4.2 Improved pattern scaling using SMILEs
In this section, we demonstrate how S/N M EOF pattern filtering can increase the capabilities of statistical approaches for explaining DSL based in GMTSLR by reducing ICV within SMILEs. For comparison, we first show pattern scaling performance when using single realizations and how conventional methods (ensemble mean) reduce root mean square error (RMSE) when using a couple of realizations instead. Second, we examine S/N M EOF as a method for reducing RMSE more efficiently. We compare regional RSME from both ensemble mean and pattern filtering on only two realizations to allow an assessment of the areas that benefit the most from filtering when a few simulations are available. Lastly, we contrast how both ensemble mean and S/N M EOF pattern filtering reduce global-mean RMSE as the number of realizations included in the analysis is increased.
As pattern scaling is performed on a grid-point basis, regression performances can be location-dependent (Fig. 5a). Despite such regional variations, we found no substantial differences between GHG scenarios for the regional or global-mean RMSE estimates when pattern-scaling DSL simulations extending up to 2100. Thus, results shown and discussed here are pertinent to the historical + RCP2.6 scenario for illustrative purposes, unless otherwise stated. When applying pattern scaling to a single realization of DSL from MPI-GE, the area-weighted, ensemble average RMSE is 3.78 cm, a value which is similar to previous estimates from studies performed on some of the CMIP5 models (Bilbao et al., 2015; Yuan and Kopp, 2021). However, pattern scaling performance shows a large spatial variability, ranging from 1.13 to 14.95 cm regionally (Fig. 5a). High RMSE values (i.e., lower regression performance) can be found in places subject to nonlinear mesoscale processes driven by strong currents, coinciding with the places where the S/N M EOF technique requires many realizations to explain at least 80 % of the forced response variance (Fig. 4b). These are the Antarctic Circumpolar Current (Southern Ocean) or western boundary currents, including the Gulf Stream (western North Atlantic), Agulhas Current (South Africa), and Kuroshio Current (western North Pacific), as well as at the Brazil–Malvinas Confluence (western South Atlantic). Low RMSE values are found in the more stable eastern boundary currents, such as the Humboldt (Peru) Current, and in equatorial locations where DSL is relatively less influenced by large modes of climate variability (e.g., equatorial Atlantic and Indian Ocean).

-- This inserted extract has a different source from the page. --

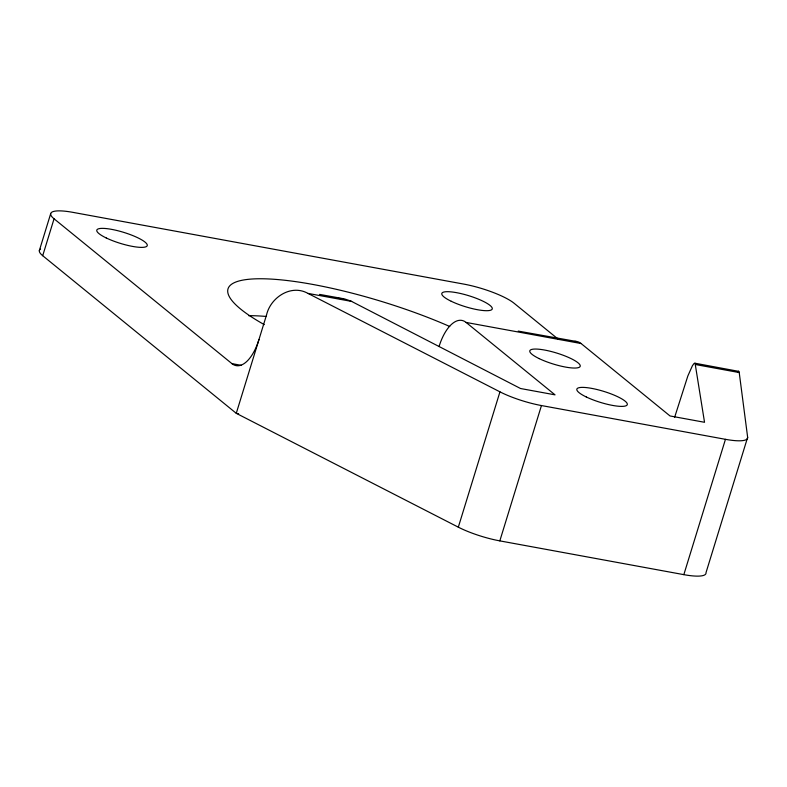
<?xml version="1.0" encoding="UTF-8"?>
<svg xmlns="http://www.w3.org/2000/svg" width="787" height="787" viewBox="0 0 787 787"><rect width="100%" height="100%" fill="white"/><g stroke="black" fill="none" stroke-linecap="round" stroke-linejoin="round"><path stroke-width="1.18" d="M50.702 213.631L39.35 250.541M737.468 371.897L738.639 371.228L739.209 372.458L747.65 437.306L706.018 572.631A39.566 8.627 17.1 0 1 683.834 574.648L499.824 540.876A39.566 8.627 17.1 0 1 458.319 527.172L236.267 413.313L42.705 255.706L54.057 218.796A39.566 8.627 17.1 0 1 72.866 212.352L463.877 284.117A39.566 8.627 17.1 0 1 514.068 303.231L557.826 338.863M458.319 527.172L499.952 391.847L307.973 293.403C291.111 283.871 270.571 297.437 266.547 314.898L236.267 413.313L238.648 413.755M499.824 540.876L541.456 405.551L725.457 439.323A39.566 8.627 17.1 0 0 747.65 437.306M683.834 574.648L725.457 439.323M674.616 417.346L687.848 375.96L692.383 365.788L693.918 363.633L695.078 363.299L704.532 422.285L670.032 415.959L581.101 343.535A39.566 18.308 -79.6 0 0 574.53 341.43M338.302 298.362L344.342 298.853L350.913 301.067L520.532 388.512L555.032 394.848L466.101 322.434A39.566 18.308 -79.6 0 0 439.048 346.555M518.239 331.091L576.34 341.45M319.561 294.387L342.847 298.598M307.973 293.403L351.622 301.421M466.101 322.434L581.101 343.535M695.58 364.548L739.229 372.566M54.057 218.796L231.929 363.624L241.442 365.375M694.685 363.171L738.836 371.375M248.594 315.666A151.675 33.084 17.1 0 1 266.213 316.453M264.275 324.628A151.675 33.084 17.1 0 1 261.953 278.765A151.675 33.084 17.1 0 1 449.721 326.477M258.972 339.502A39.566 18.308 -79.6 0 1 231.929 363.624M42.705 255.706A39.566 8.627 17.1 0 1 40.531 249.066M541.456 405.551A39.566 8.627 17.1 0 1 499.952 391.847M106.215 237.949A26.374 5.755 17.1 0 0 147.002 246.065A26.374 5.755 17.1 0 0 112.846 229.597A26.374 5.755 17.1 0 0 106.215 237.949M451.226 301.273A26.374 5.755 17.1 0 0 492.003 309.389A26.374 5.755 17.1 0 0 457.857 292.921A26.374 5.755 17.1 0 0 451.226 301.273M539.184 358.616A26.374 5.755 17.1 0 0 579.96 366.742A26.374 5.755 17.1 0 0 545.814 350.274A26.374 5.755 17.1 0 0 539.184 358.616M586.266 396.963A26.374 5.755 17.1 0 0 627.042 405.079A26.374 5.755 17.1 0 0 592.896 388.611A26.374 5.755 17.1 0 0 586.266 396.963"/></g></svg>

Despite its inefficiency, using an ensemble average cancels out some of the ICV that varies in a different phase between realizations. When using a two-member ensemble mean, RMSE reduction is observed both globally and regionally: the area-weighted average RMSE estimate is reduced from 3.78 to 2.77 cm (27 % reduction) when two ensembles are used, with regional values ranging from 0.87 to 11.00 cm (Fig. 5b). This translates to increased statistical model capabilities within the entire model domain. While grid-point RMSE reduction ranges from 10 % to 30 %, the majority of the ocean benefits from a decrease of more than 25 % due to the removal of some of the ICV (Fig. 5c). Locations experiencing less improvement in regression performance include those that already performed relatively well prior to averaging and those with a high ICV.
To compare how S/N M EOF pattern filtering improves pattern scaling as opposed to averaging, we take two ensemble members from the MPI-GE historical + RCP2.6 experiment and proceed to remove their ICV by pattern filtering. The two-member pattern-filtered DSL (Fig. 6a) shows an improved RMSE with similar regional structures compared to its averaged counterpart (Fig. 5b), featuring higher values in western boundary currents and the Southern Ocean. Nonetheless, the overall improvement is apparent in all areas: the global estimated RMSE from the regression decreases almost 60 % from an average value of 2.77 to 1.12 cm (Fig. 6c and d). Regionally, RMSE ranges from 0.39 to 6.05 cm when filtering is applied to two ensemble members (Fig. 6a and c). The differences between averaged and filtered approaches are substantial and location-dependent, with filtering yielding a decrease in RMSE ranging from 12 % to about 80 % (Fig. 6b). The tropical Indian and eastern Pacific Ocean are among the locations benefiting the most from the largest performance improvement, which highlights the skill of pattern filtering to remove variability associated with large climate modes (e.g., the El Niño–Southern Oscillation, or ENSO, has a large influence on sea level in the eastern Pacific Ocean). Similar to previous findings when using averaging (Fig. 4c), pattern filtering offers a reduced improvement in areas where regression already performed relatively well or where the presence of mesoscale processes is significant. Regardless of improvement magnitude, pattern filtering provides an overall increase in regression performance that is observable in the entire ocean domain. While averaging also offers an enhancement of pattern scaling skill, filtered two-member pairs produce a distribution of RMSE that is significantly superior (Fig. 6c).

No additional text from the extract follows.